Task directions
Leave every image out, and print the remaining lines below exactly.

Data entries:
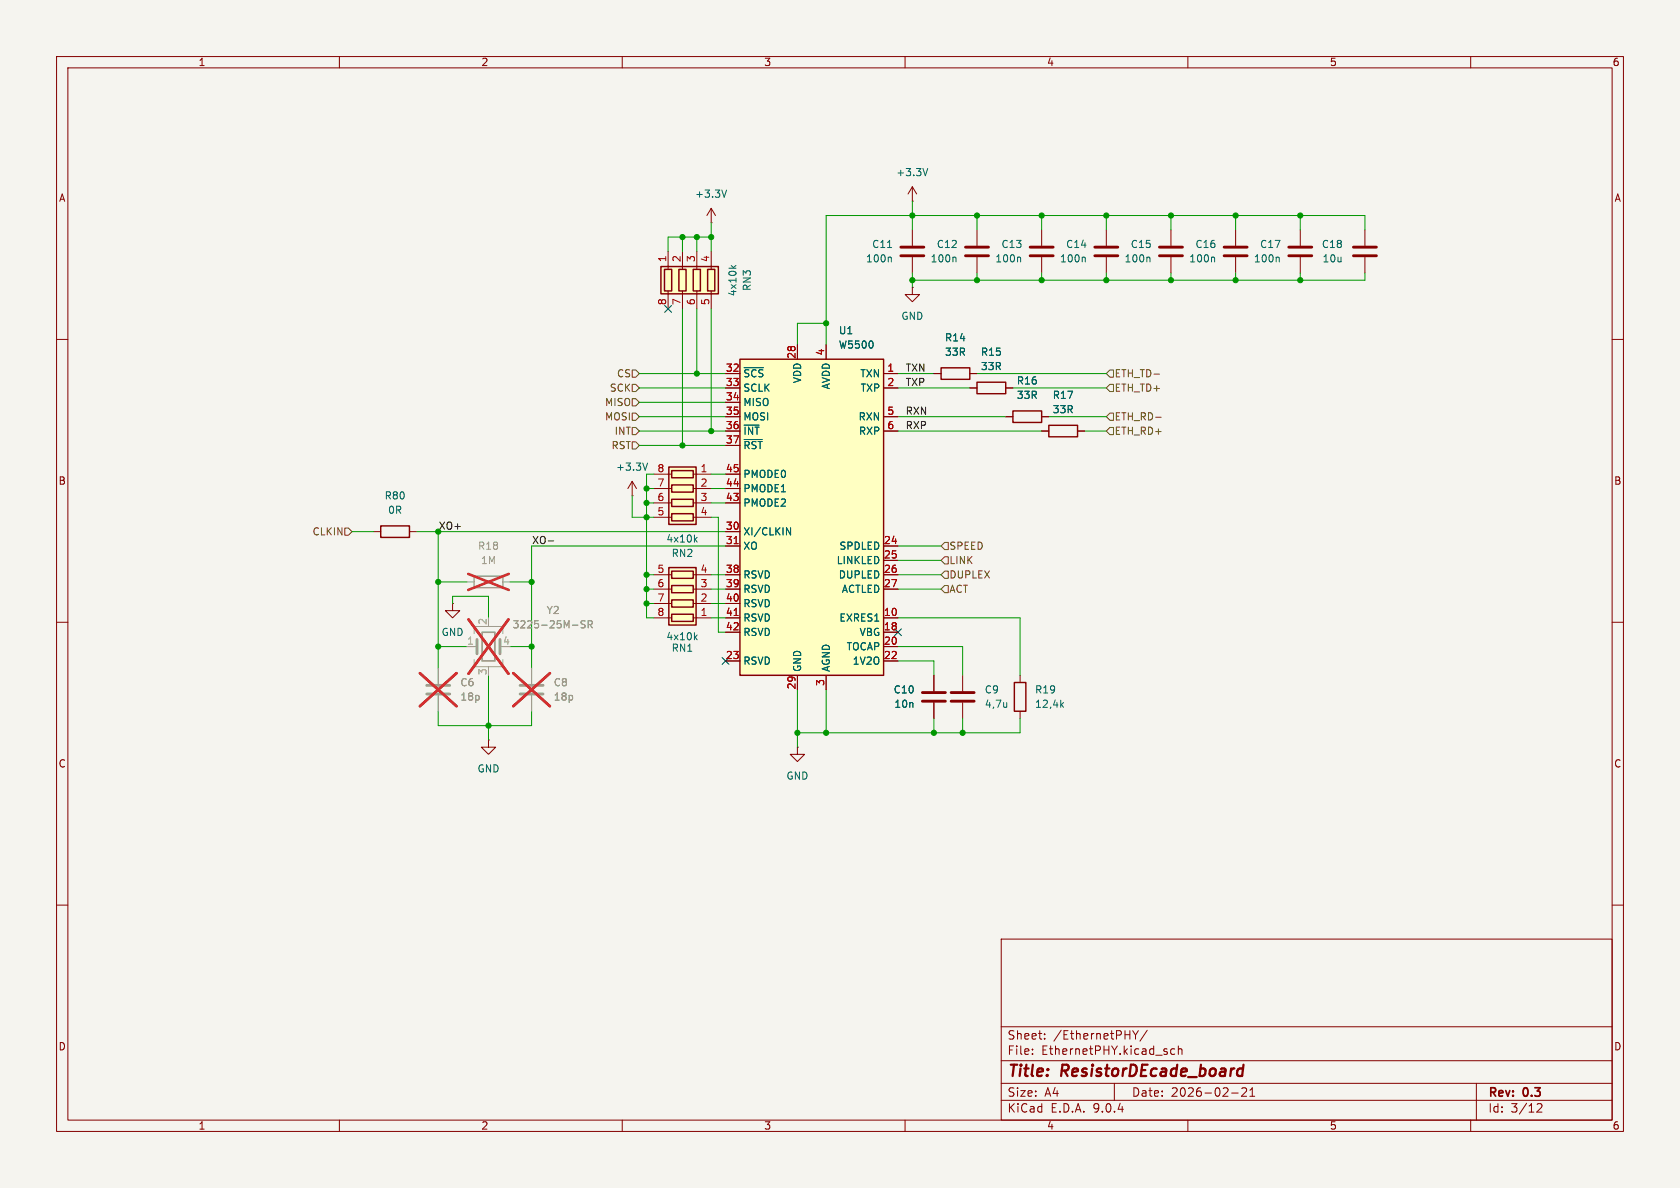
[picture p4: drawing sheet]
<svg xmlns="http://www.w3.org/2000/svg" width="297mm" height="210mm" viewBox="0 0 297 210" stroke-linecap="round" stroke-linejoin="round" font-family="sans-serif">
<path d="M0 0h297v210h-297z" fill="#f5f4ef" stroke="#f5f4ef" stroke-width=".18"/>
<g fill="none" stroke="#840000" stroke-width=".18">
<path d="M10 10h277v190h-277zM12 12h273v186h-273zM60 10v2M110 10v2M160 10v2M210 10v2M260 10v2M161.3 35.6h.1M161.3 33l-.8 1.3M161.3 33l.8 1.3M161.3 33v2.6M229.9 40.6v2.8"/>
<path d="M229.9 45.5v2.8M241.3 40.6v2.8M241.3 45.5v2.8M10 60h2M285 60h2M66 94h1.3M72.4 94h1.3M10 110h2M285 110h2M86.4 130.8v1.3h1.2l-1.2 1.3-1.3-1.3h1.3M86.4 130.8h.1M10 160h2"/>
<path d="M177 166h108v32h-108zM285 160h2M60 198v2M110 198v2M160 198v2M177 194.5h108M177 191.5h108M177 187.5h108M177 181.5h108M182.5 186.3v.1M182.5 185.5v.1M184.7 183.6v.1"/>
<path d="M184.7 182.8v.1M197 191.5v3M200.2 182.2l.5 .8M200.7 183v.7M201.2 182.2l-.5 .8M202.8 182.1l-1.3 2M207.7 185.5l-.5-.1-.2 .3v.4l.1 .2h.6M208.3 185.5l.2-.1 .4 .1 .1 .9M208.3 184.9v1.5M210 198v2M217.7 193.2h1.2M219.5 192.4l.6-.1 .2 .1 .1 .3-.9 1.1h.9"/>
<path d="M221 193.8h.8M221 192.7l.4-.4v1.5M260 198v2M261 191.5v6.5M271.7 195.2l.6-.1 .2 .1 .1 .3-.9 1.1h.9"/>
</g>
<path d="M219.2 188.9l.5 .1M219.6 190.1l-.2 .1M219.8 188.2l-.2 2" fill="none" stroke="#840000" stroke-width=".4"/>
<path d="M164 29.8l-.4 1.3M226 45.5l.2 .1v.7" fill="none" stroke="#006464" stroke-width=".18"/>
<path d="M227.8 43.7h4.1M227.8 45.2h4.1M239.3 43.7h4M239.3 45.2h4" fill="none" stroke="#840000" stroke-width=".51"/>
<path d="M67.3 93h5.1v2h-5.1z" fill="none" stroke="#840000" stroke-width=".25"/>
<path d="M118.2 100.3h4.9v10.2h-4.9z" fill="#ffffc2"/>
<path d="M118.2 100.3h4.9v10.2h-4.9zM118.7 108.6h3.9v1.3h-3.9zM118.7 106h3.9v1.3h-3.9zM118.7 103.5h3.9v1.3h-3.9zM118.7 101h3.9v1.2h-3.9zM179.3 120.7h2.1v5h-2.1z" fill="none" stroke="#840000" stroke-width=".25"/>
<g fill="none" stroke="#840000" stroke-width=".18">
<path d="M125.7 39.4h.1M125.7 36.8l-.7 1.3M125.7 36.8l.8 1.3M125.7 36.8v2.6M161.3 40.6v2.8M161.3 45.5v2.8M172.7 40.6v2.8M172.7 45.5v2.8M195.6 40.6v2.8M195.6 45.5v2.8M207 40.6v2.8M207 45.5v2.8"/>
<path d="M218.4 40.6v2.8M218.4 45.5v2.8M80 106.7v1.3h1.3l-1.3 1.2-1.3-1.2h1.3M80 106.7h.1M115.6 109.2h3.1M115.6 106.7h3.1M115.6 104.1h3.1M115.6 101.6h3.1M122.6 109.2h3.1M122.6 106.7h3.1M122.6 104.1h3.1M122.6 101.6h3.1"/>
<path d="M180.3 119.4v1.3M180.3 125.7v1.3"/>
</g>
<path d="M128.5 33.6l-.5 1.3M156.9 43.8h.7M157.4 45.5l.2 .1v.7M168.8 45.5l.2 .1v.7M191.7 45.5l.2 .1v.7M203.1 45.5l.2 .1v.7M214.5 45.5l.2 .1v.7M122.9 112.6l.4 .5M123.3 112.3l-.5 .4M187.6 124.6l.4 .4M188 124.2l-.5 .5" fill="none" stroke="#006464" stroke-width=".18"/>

Problem solution
[picture p4: drawing sheet]
<svg xmlns="http://www.w3.org/2000/svg" width="297mm" height="210mm" viewBox="0 0 297 210" stroke-linecap="round" stroke-linejoin="round" font-family="sans-serif">
<path d="M0 0h297v210h-297z" fill="#f5f4ef" stroke="#f5f4ef" stroke-width=".18"/>
<g fill="none" stroke="#840000" stroke-width=".18">
<path d="M10 10h277v190h-277zM12 12h273v186h-273zM60 10v2M110 10v2M160 10v2M210 10v2M260 10v2M161.3 35.6h.1M161.3 33l-.8 1.3M161.3 33l.8 1.3M161.3 33v2.6M229.9 40.6v2.8"/>
<path d="M229.9 45.5v2.8M241.3 40.6v2.8M241.3 45.5v2.8M10 60h2M285 60h2M66 94h1.3M72.4 94h1.3M10 110h2M285 110h2M86.4 130.8v1.3h1.2l-1.2 1.3-1.3-1.3h1.3M86.4 130.8h.1M10 160h2"/>
<path d="M177 166h108v32h-108zM285 160h2M60 198v2M110 198v2M160 198v2M177 194.5h108M177 191.5h108M177 187.5h108M177 181.5h108M182.5 186.3v.1M182.5 185.5v.1M184.7 183.6v.1"/>
<path d="M184.7 182.8v.1M197 191.5v3M200.2 182.2l.5 .8M200.7 183v.7M201.2 182.2l-.5 .8M202.8 182.1l-1.3 2M207.7 185.5l-.5-.1-.2 .3v.4l.1 .2h.6M208.3 185.5l.2-.1 .4 .1 .1 .9M208.3 184.9v1.5M210 198v2M217.7 193.2h1.2M219.5 192.4l.6-.1 .2 .1 .1 .3-.9 1.1h.9"/>
<path d="M221 193.8h.8M221 192.7l.4-.4v1.5M260 198v2M261 191.5v6.5M271.7 195.2l.6-.1 .2 .1 .1 .3-.9 1.1h.9"/>
</g>
<path d="M219.2 188.9l.5 .1M219.6 190.1l-.2 .1M219.8 188.2l-.2 2" fill="none" stroke="#840000" stroke-width=".4"/>
<path d="M164 29.8l-.4 1.3M226 45.5l.2 .1v.7" fill="none" stroke="#006464" stroke-width=".18"/>
<path d="M227.8 43.7h4.1M227.8 45.2h4.1M239.3 43.7h4M239.3 45.2h4" fill="none" stroke="#840000" stroke-width=".51"/>
<path d="M67.3 93h5.1v2h-5.1z" fill="none" stroke="#840000" stroke-width=".25"/>
<path d="M118.2 100.3h4.9v10.2h-4.9z" fill="#ffffc2"/>
<path d="M118.2 100.3h4.9v10.2h-4.9zM118.7 108.6h3.9v1.3h-3.9zM118.7 106h3.9v1.3h-3.9zM118.7 103.5h3.9v1.3h-3.9zM118.7 101h3.9v1.2h-3.9zM179.3 120.7h2.1v5h-2.1z" fill="none" stroke="#840000" stroke-width=".25"/>
<g fill="none" stroke="#840000" stroke-width=".18">
<path d="M125.7 39.4h.1M125.7 36.8l-.7 1.3M125.7 36.8l.8 1.3M125.7 36.8v2.6M161.3 40.6v2.8M161.3 45.5v2.8M172.7 40.6v2.8M172.7 45.5v2.8M195.6 40.6v2.8M195.6 45.5v2.8M207 40.6v2.8M207 45.5v2.8"/>
<path d="M218.4 40.6v2.8M218.4 45.5v2.8M80 106.7v1.3h1.3l-1.3 1.2-1.3-1.2h1.3M80 106.7h.1M115.6 109.2h3.1M115.6 106.7h3.1M115.6 104.1h3.1M115.6 101.6h3.1M122.6 109.2h3.1M122.6 106.7h3.1M122.6 104.1h3.1M122.6 101.6h3.1"/>
<path d="M180.3 119.4v1.3M180.3 125.7v1.3"/>
</g>
<path d="M128.5 33.6l-.5 1.3M156.9 43.8h.7M157.4 45.5l.2 .1v.7M168.8 45.5l.2 .1v.7M191.7 45.5l.2 .1v.7M203.1 45.5l.2 .1v.7M214.5 45.5l.2 .1v.7M122.9 112.6l.4 .5M123.3 112.3l-.5 .4M187.6 124.6l.4 .4M188 124.2l-.5 .5" fill="none" stroke="#006464" stroke-width=".18"/>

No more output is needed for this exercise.